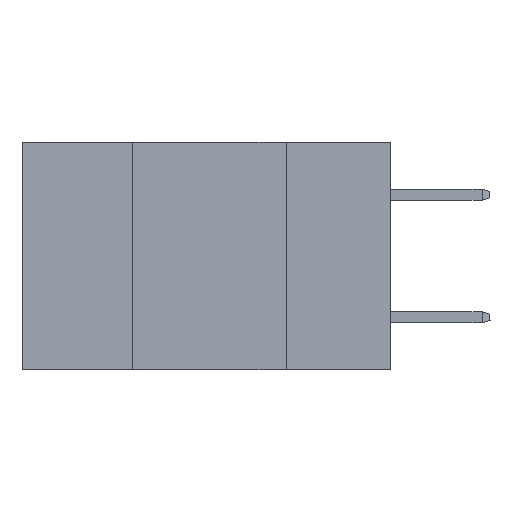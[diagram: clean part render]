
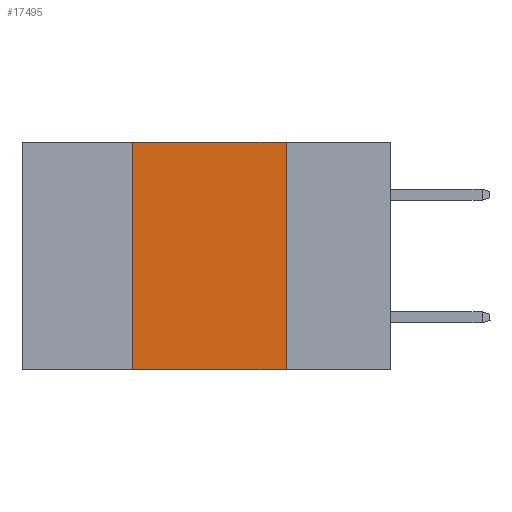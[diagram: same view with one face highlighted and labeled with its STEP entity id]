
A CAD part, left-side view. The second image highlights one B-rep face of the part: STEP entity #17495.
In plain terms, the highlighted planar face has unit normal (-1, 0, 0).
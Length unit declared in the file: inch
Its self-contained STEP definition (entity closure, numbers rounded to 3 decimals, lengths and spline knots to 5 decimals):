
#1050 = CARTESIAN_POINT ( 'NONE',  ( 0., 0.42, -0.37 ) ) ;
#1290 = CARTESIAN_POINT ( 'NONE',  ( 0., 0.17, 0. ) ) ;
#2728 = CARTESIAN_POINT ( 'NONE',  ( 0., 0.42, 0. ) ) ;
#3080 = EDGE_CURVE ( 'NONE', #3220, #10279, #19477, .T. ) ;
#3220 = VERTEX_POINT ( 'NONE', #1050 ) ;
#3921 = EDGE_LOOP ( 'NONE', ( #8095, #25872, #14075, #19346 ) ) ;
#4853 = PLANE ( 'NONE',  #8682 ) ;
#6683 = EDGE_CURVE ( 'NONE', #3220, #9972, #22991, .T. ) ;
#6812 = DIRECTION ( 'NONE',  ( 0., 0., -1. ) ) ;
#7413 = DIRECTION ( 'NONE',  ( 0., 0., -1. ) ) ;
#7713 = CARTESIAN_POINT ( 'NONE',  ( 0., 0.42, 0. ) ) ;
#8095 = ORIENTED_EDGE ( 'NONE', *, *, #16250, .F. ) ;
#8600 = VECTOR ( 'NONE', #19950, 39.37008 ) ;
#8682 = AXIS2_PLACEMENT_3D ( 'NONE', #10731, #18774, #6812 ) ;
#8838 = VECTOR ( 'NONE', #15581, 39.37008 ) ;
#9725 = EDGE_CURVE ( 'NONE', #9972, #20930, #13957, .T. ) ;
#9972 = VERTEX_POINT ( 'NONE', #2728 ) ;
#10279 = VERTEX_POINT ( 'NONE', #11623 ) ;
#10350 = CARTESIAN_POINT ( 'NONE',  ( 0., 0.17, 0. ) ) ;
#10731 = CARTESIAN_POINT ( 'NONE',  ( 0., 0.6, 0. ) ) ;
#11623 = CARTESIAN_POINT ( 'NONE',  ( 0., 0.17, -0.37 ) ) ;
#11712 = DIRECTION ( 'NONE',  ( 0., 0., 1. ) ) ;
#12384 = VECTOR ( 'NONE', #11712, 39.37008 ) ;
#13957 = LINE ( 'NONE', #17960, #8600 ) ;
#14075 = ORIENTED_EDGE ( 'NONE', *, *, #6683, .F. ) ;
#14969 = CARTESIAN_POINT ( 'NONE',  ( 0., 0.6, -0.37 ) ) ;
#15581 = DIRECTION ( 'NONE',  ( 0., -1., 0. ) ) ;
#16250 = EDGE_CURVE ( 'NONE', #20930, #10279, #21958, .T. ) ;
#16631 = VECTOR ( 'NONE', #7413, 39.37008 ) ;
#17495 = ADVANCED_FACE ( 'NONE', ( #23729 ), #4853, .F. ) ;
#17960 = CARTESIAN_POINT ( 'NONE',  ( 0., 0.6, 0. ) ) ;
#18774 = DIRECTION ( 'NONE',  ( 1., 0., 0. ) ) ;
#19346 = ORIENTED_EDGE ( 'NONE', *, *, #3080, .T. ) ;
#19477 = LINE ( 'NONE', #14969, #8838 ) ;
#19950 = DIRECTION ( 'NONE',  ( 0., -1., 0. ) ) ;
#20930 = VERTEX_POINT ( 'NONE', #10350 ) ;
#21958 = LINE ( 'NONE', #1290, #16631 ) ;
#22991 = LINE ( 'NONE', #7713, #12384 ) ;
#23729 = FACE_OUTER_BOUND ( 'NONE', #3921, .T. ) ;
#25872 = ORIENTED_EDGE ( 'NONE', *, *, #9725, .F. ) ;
--
• _TASK PROMPT_: Reproduce exactly the lines from the one with "#8600 = VECTOR ( 'NONE', #19950, 39.37008 ) ;" through the end of the entries above, both ends included.

• _SOLUTION FOR THIS EXERCISE_:
#8600 = VECTOR ( 'NONE', #19950, 39.37008 ) ;
#8682 = AXIS2_PLACEMENT_3D ( 'NONE', #10731, #18774, #6812 ) ;
#8838 = VECTOR ( 'NONE', #15581, 39.37008 ) ;
#9725 = EDGE_CURVE ( 'NONE', #9972, #20930, #13957, .T. ) ;
#9972 = VERTEX_POINT ( 'NONE', #2728 ) ;
#10279 = VERTEX_POINT ( 'NONE', #11623 ) ;
#10350 = CARTESIAN_POINT ( 'NONE',  ( 0., 0.17, 0. ) ) ;
#10731 = CARTESIAN_POINT ( 'NONE',  ( 0., 0.6, 0. ) ) ;
#11623 = CARTESIAN_POINT ( 'NONE',  ( 0., 0.17, -0.37 ) ) ;
#11712 = DIRECTION ( 'NONE',  ( 0., 0., 1. ) ) ;
#12384 = VECTOR ( 'NONE', #11712, 39.37008 ) ;
#13957 = LINE ( 'NONE', #17960, #8600 ) ;
#14075 = ORIENTED_EDGE ( 'NONE', *, *, #6683, .F. ) ;
#14969 = CARTESIAN_POINT ( 'NONE',  ( 0., 0.6, -0.37 ) ) ;
#15581 = DIRECTION ( 'NONE',  ( 0., -1., 0. ) ) ;
#16250 = EDGE_CURVE ( 'NONE', #20930, #10279, #21958, .T. ) ;
#16631 = VECTOR ( 'NONE', #7413, 39.37008 ) ;
#17495 = ADVANCED_FACE ( 'NONE', ( #23729 ), #4853, .F. ) ;
#17960 = CARTESIAN_POINT ( 'NONE',  ( 0., 0.6, 0. ) ) ;
#18774 = DIRECTION ( 'NONE',  ( 1., 0., 0. ) ) ;
#19346 = ORIENTED_EDGE ( 'NONE', *, *, #3080, .T. ) ;
#19477 = LINE ( 'NONE', #14969, #8838 ) ;
#19950 = DIRECTION ( 'NONE',  ( 0., -1., 0. ) ) ;
#20930 = VERTEX_POINT ( 'NONE', #10350 ) ;
#21958 = LINE ( 'NONE', #1290, #16631 ) ;
#22991 = LINE ( 'NONE', #7713, #12384 ) ;
#23729 = FACE_OUTER_BOUND ( 'NONE', #3921, .T. ) ;
#25872 = ORIENTED_EDGE ( 'NONE', *, *, #9725, .F. ) ;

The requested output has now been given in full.